Through Vico it was arranged that they would again meet at the Catholic church at Mazagon. When the day came Shireen set off early and arrived several minutes before the appointed hour. To her surprise Zadig was already there, sitting in the same place where they’d sat before.

He rose as she approached and bowed formally: ‘Good morning,


‘Good morning, Zadig Bey.’

She seated herself beside him, on the pew, and slipped off her veil. ‘So you are leaving Bombay are you, Zadig Bey?’

‘Yes, Bibiji,’ he said, a little awkwardly. ‘Christmas is coming so I must go to Colombo to be with my children and grandchildren. But before leaving I wanted to give you some news.’

‘Yes, Zadig Bey – what is it?’

‘I have been told in confidence,’ said Zadig Bey, ‘that the decision to send an expeditionary force to China has been taken in London, by Lord Palmerston, the Foreign Secretary. It is from India that the expedition will be launched: half the troops will be sepoys, and much of the money and support will also come from here. Apparently the preparations are already under way, in Calcutta, in secret. The planning started some months ago, but only when everything is ready will it be announced to the public.’

‘How do you know this?’ said Shireen.

‘Bibiji, I’m sure you know that William Jardine, the big China trader, is the principal partner of Seth Jamsetjee Jejeebhoy, the Parsi merchant?’

‘Yes, of course I am aware of that.’

‘Well, William Jardine has been helping Lord Palmerston with the planning of the expedition. I have just learnt that he has written to Seth Jamsetjee, asking for the support of the merchants of Bombay. He has made it clear that one of the expedition’s principal goals is to extract compensation for the opium that was confiscated by Commissioner Lin – those who provide help will naturally be paid first.’
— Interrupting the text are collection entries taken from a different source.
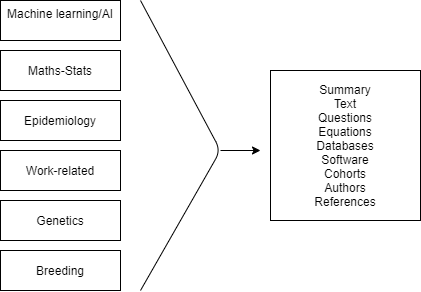

The diagram above was exported from draw.io. Its source (the exported page's mxGraphModel, read from the mxfile embedded in the PNG):
<mxGraphModel dx="981" dy="526" grid="1" gridSize="10" guides="1" tooltips="1" connect="1" arrows="1" fold="1" page="1" pageScale="1" pageWidth="827" pageHeight="1169" math="0" shadow="0">
  <root>
    <mxCell id="WIyWlLk6GJQsqaUBKTNV-0" />
    <mxCell id="WIyWlLk6GJQsqaUBKTNV-1" parent="WIyWlLk6GJQsqaUBKTNV-0" />
    <mxCell id="zmh0oLeDz8nCYDoD3gkm-0" value="Machine learning/AI&lt;span style=&quot;white-space: pre&quot;&gt;&#09;&lt;/span&gt;" style="rounded=0;whiteSpace=wrap;html=1;" vertex="1" parent="WIyWlLk6GJQsqaUBKTNV-1">
      <mxGeometry x="180" y="150" width="120" height="40" as="geometry" />
    </mxCell>
    <mxCell id="zmh0oLeDz8nCYDoD3gkm-1" value="Breeding" style="rounded=0;whiteSpace=wrap;html=1;" vertex="1" parent="WIyWlLk6GJQsqaUBKTNV-1">
      <mxGeometry x="180" y="400" width="120" height="40" as="geometry" />
    </mxCell>
    <mxCell id="zmh0oLeDz8nCYDoD3gkm-2" value="Genetics" style="rounded=0;whiteSpace=wrap;html=1;" vertex="1" parent="WIyWlLk6GJQsqaUBKTNV-1">
      <mxGeometry x="180" y="350" width="120" height="40" as="geometry" />
    </mxCell>
    <mxCell id="zmh0oLeDz8nCYDoD3gkm-3" value="Maths-Stats" style="rounded=0;whiteSpace=wrap;html=1;" vertex="1" parent="WIyWlLk6GJQsqaUBKTNV-1">
      <mxGeometry x="180" y="200" width="120" height="40" as="geometry" />
    </mxCell>
    <mxCell id="zmh0oLeDz8nCYDoD3gkm-4" value="Epidemiology" style="rounded=0;whiteSpace=wrap;html=1;" vertex="1" parent="WIyWlLk6GJQsqaUBKTNV-1">
      <mxGeometry x="180" y="250" width="120" height="40" as="geometry" />
    </mxCell>
    <mxCell id="zmh0oLeDz8nCYDoD3gkm-5" value="Work-related" style="rounded=0;whiteSpace=wrap;html=1;" vertex="1" parent="WIyWlLk6GJQsqaUBKTNV-1">
      <mxGeometry x="180" y="300" width="120" height="40" as="geometry" />
    </mxCell>
    <mxCell id="zmh0oLeDz8nCYDoD3gkm-7" value="" style="endArrow=none;html=1;" edge="1" parent="WIyWlLk6GJQsqaUBKTNV-1">
      <mxGeometry width="50" height="50" relative="1" as="geometry">
        <mxPoint x="320" y="440" as="sourcePoint" />
        <mxPoint x="320" y="150" as="targetPoint" />
        <Array as="points">
          <mxPoint x="400" y="300" />
        </Array>
      </mxGeometry>
    </mxCell>
    <mxCell id="zmh0oLeDz8nCYDoD3gkm-8" value="" style="endArrow=classic;html=1;" edge="1" parent="WIyWlLk6GJQsqaUBKTNV-1">
      <mxGeometry width="50" height="50" relative="1" as="geometry">
        <mxPoint x="400" y="300" as="sourcePoint" />
        <mxPoint x="440" y="300" as="targetPoint" />
      </mxGeometry>
    </mxCell>
    <mxCell id="zmh0oLeDz8nCYDoD3gkm-10" value="Summary&lt;br&gt;Text&lt;br&gt;Questions&lt;br&gt;Equations&lt;br&gt;Databases&lt;br&gt;Software&lt;br&gt;Cohorts&lt;br&gt;Authors&lt;br&gt;References" style="whiteSpace=wrap;html=1;aspect=fixed;" vertex="1" parent="WIyWlLk6GJQsqaUBKTNV-1">
      <mxGeometry x="450" y="220" width="150" height="150" as="geometry" />
    </mxCell>
  </root>
</mxGraphModel>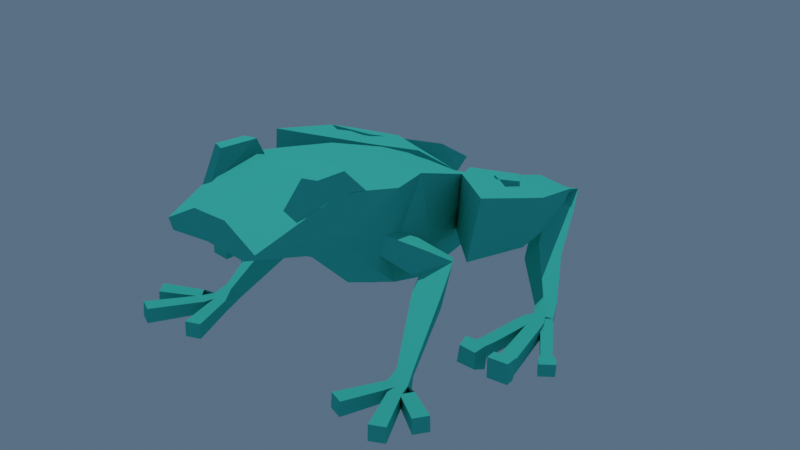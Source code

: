 # Source: justfrog.blend  (saved by Blender 2.80.64; exported with 4.5.12 LTS)
import bpy
from mathutils import Matrix  # noqa: F401  (used for matrix-valued properties, if any)

bpy.ops.wm.read_factory_settings(use_empty=True)
scene = bpy.context.scene
scene.name = 'Scene'

# ---- collections
col_collection = bpy.data.collections.new('Collection'); scene.collection.children.link(col_collection)

# ---- images (referenced by path relative to the original .blend; pixels are not part of the script)
import os
ASSET_DIR = os.environ.get("B2B_ASSET_DIR", "")  # directory of the original .blend (textures are referenced by path, not embedded)
HERE = os.path.dirname(os.path.abspath(__file__))  # packed textures are extracted next to this script under _unpacked/

def load_image(name, relpath, width, height, colorspace="sRGB"):
    """Load a texture the original file referenced (path relative to the .blend, or extracted next to this script)."""
    p = next((c for c in (os.path.join(HERE, relpath), os.path.join(ASSET_DIR, relpath)) if relpath and os.path.exists(c)), "")
    if p:
        img = bpy.data.images.load(p, check_existing=True)
        img.name = name
    else:  # same state as the original file: an image datablock whose file is absent (Cycles renders it pink)
        img = bpy.data.images.new(name, width, height)
        img.source = "FILE"
        img.filepath = "//" + (relpath or name)
    img.colorspace_settings.name = colorspace
    return img
img_frog = load_image('frog', 'frog_diffuse1.png', 1024, 1024, 'Non-Color')

# ---- materials (node trees are filled in below, after node groups)
mat_frog = bpy.data.materials.new('Frog')
mat_frog.alpha_threshold = 0.0
mat_frog.roughness = 0.5
mat_frog.line_color = (0.0, 0.0, 0.0, 1.0)

# ---- material node trees
mat_frog.use_nodes = True; mat_frog.node_tree.nodes.clear()
_N = mat_frog.node_tree.nodes; _L = mat_frog.node_tree.links
n0 = _N.new('ShaderNodeOutputMaterial'); n0.name = 'Material Output'; n0.location = (300, 300)
n1 = _N.new('ShaderNodeTexImage'); n1.name = 'Image Texture'; n1.location = (-388, 312)
n1.image = img_frog
n2 = _N.new('ShaderNodeBsdfToon'); n2.name = 'Toon BSDF'; n2.location = (-27, 313)
n2.inputs[0].default_value = (0.08361, 0.8, 0.6475, 1.0)
n2.inputs[1].default_value = 0.5971
n2.inputs[2].default_value = 0.09143
_L.new(n2.outputs[0], n0.inputs[0])
n0.is_active_output = True

# ---- world
world_world = bpy.data.worlds.new('World'); scene.world = world_world
world_world.use_nodes = True; world_world.node_tree.nodes.clear()
_N = world_world.node_tree.nodes; _L = world_world.node_tree.links
n0 = _N.new('ShaderNodeOutputWorld'); n0.name = 'World Output'; n0.location = (300, 300)
n1 = _N.new('ShaderNodeBackground'); n1.name = 'Background'; n1.location = (10, 300)
n1.inputs[0].default_value = (0.08164, 0.1305, 0.196, 1.0)
_L.new(n1.outputs[0], n0.inputs[0])
n0.is_active_output = True
world_world.color = (0.05088, 0.05088, 0.05088)
world_world.use_sun_shadow = False
world_world.sun_shadow_jitter_overblur = 0.0

# ---- lights
light_light = bpy.data.lights.new('Light', 'POINT')
light_light.transmission_factor = 0.0
light_light.cutoff_distance = 30.0
light_light.energy = 996.8
light_light.shadow_buffer_clip_start = 1.001
light_light.shadow_maximum_resolution = 0.006
light_light.use_absolute_resolution = True
light_light.cycles.max_bounces = 0

# ---- meshes
me_cube = bpy.data.meshes.new('Cube')
me_cube.from_pydata([(0.3803, 0.09662, 0.8957), (0.2936, 0.03019, 0.3231), (0.2775, -0.696, 0.6573), (0.2131, -0.6945, 0.2438), (0.3486, 0.4566, 0.992), (0.3677, 0.4431, 0.6889), (0.09811, 0.9329, 0.9568), (0.2316, 0.9576, 0.8122), (0.07084, -1.064, 0.4165), (0.07084, -1.064, 0.2643), (0.3001, -0.1706, 0.8555), (0.302, -0.1791, 0.2656), (0.3209, 0.056, 0.5285), (0.2792, -0.6699, 0.3665), (0.4065, 0.4517, 0.8039), (0.2831, 0.9387, 0.8524), (0.07084, -1.064, 0.3404), (0.37, -0.1641, 0.4794), (0.0004712, 0.056, 0.2228), (0.0004715, -0.6699, 0.6305), (0.0004716, -0.6699, 0.1024), (0.0004712, 0.056, 0.8343), (0.0004711, 0.3128, 0.4809), (0.000471, 0.2991, 1.017), (0.004673, 0.9596, 0.8342), (0.0004707, 0.9621, 0.9784), (0.002724, -1.064, 0.4165), (0.002724, -1.064, 0.2643), (0.0004713, -0.1641, 0.1246), (0.0004713, -0.1641, 0.8342), (0.002724, -1.064, 0.3404), (0.0004707, 0.9651, 0.8861)], [], [(28, 11, 3, 20), (17, 10, 2, 13), (12, 1, 5, 14), (23, 4, 6, 25), (21, 0, 4, 23), (31, 25, 6, 15), (14, 5, 7, 15), (13, 2, 8, 16), (20, 3, 9, 27), (12, 0, 10, 17), (18, 1, 11, 28), (1, 12, 17, 11), (3, 13, 16, 9), (4, 14, 15, 6), (24, 31, 15, 7), (0, 12, 14, 4), (11, 17, 13, 3), (9, 16, 30, 27), (0, 21, 29, 10), (16, 8, 26, 30), (5, 22, 24, 7), (1, 18, 22, 5), (2, 19, 26, 8), (10, 29, 19, 2)])
_uv = me_cube.uv_layers.new(name='UVMap')
_uv.uv.foreach_set('vector', [0.2935, 0.7315, 0.2094, 0.7424, 0.2038, 0.6574, 0.2673, 0.6496, 0.1407, 0.7578, 0.04863, 0.7709, 0.063, 0.6764, 0.1368, 0.6685, 0.1444, 0.7946, 0.1942, 0.7811, 0.1296, 0.8655, 0.1007, 0.8726, 0.3952, 0.6751, 0.3061, 0.6502, 0.3723, 0.5737, 0.3973, 0.5679, 0.3962, 0.723, 0.2979, 0.7136, 0.3061, 0.6502, 0.3952, 0.6751, 0.4208, 0.6165, 0.3973, 0.6182, 0.3992, 0.6009, 0.4214, 0.5679, 0.1007, 0.8726, 0.1296, 0.8655, 0.1368, 0.9513, 0.1243, 0.9511, 0.1368, 0.6685, 0.063, 0.6764, 0.1155, 0.5743, 0.1344, 0.5711, 0.2673, 0.6496, 0.2038, 0.6574, 0.2155, 0.5692, 0.2318, 0.5679, 0.1444, 0.7946, 0.05473, 0.818, 0.04863, 0.7709, 0.1407, 0.7578, 0.2979, 0.772, 0.2184, 0.7789, 0.2094, 0.7424, 0.2935, 0.7315, 0.1942, 0.7811, 0.1444, 0.7946, 0.1407, 0.7578, 0.1942, 0.7448, 0.1671, 0.6578, 0.1368, 0.6685, 0.1344, 0.5711, 0.1533, 0.5679, 0.05579, 0.88, 0.1007, 0.8726, 0.1243, 0.9511, 0.1024, 0.9502, 0.4336, 0.6147, 0.4208, 0.6165, 0.4214, 0.5679, 0.4336, 0.5762, 0.05473, 0.818, 0.1444, 0.7946, 0.1007, 0.8726, 0.05579, 0.88, 0.1942, 0.7448, 0.1407, 0.7578, 0.1368, 0.6685, 0.1671, 0.6578, 0.3973, 0.6441, 0.3973, 0.6312, 0.4149, 0.6312, 0.4149, 0.6441, 0.2979, 0.7136, 0.3962, 0.723, 0.3956, 0.7591, 0.3182, 0.7592, 0.3973, 0.6312, 0.3973, 0.6182, 0.4149, 0.6182, 0.4149, 0.6312, 0.1942, 0.8665, 0.2914, 0.8274, 0.2979, 0.9503, 0.2453, 0.9529, 0.2184, 0.7789, 0.2979, 0.772, 0.2914, 0.8274, 0.1942, 0.8665, 0.3244, 0.8542, 0.3961, 0.8511, 0.3973, 0.9526, 0.3798, 0.9526, 0.3182, 0.7592, 0.3956, 0.7591, 0.3961, 0.8511, 0.3244, 0.8542])
me_cube.materials.append(mat_frog)
me_cube.use_remesh_preserve_volume = False
me_cube.use_remesh_preserve_attributes = False
me_cube.use_mirror_vertex_groups = False
me_cube.use_paint_bone_selection = False
me_cube.use_paint_mask_vertex = True
me_cube.update()
me_cube_001 = bpy.data.meshes.new('Cube.001')
me_cube_001.from_pydata([(0.2094, -0.6648, 0.4007), (0.4517, -0.7783, 0.3916), (0.4228, -0.8603, 0.6448), (0.1805, -0.7468, 0.6539), (0.6543, -0.08552, 0.5141), (0.539, -0.3984, 0.4694), (0.5684, -0.4564, 0.7995), (0.6837, -0.1435, 0.8442), (0.4485, -1.23, 0.3558), (0.3014, -1.282, 0.3063), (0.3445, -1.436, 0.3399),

‘Oh?’ said Shireen. ‘So you think compensation will be paid after all?’

‘I am sure of it,’ said Zadig. ‘And as Bahram’s friend, I must tell you, Bibiji, that it is very important that your interests do not go unrepresented in the months ahead. Since you cannot send anyone to China you must go yourself. That is what Bahram-bhai would have wanted, I am sure of it.’

Shireen sighed. ‘Zadig Bey, you must understand that for a woman and a widow it is very difficult to make such a journey.’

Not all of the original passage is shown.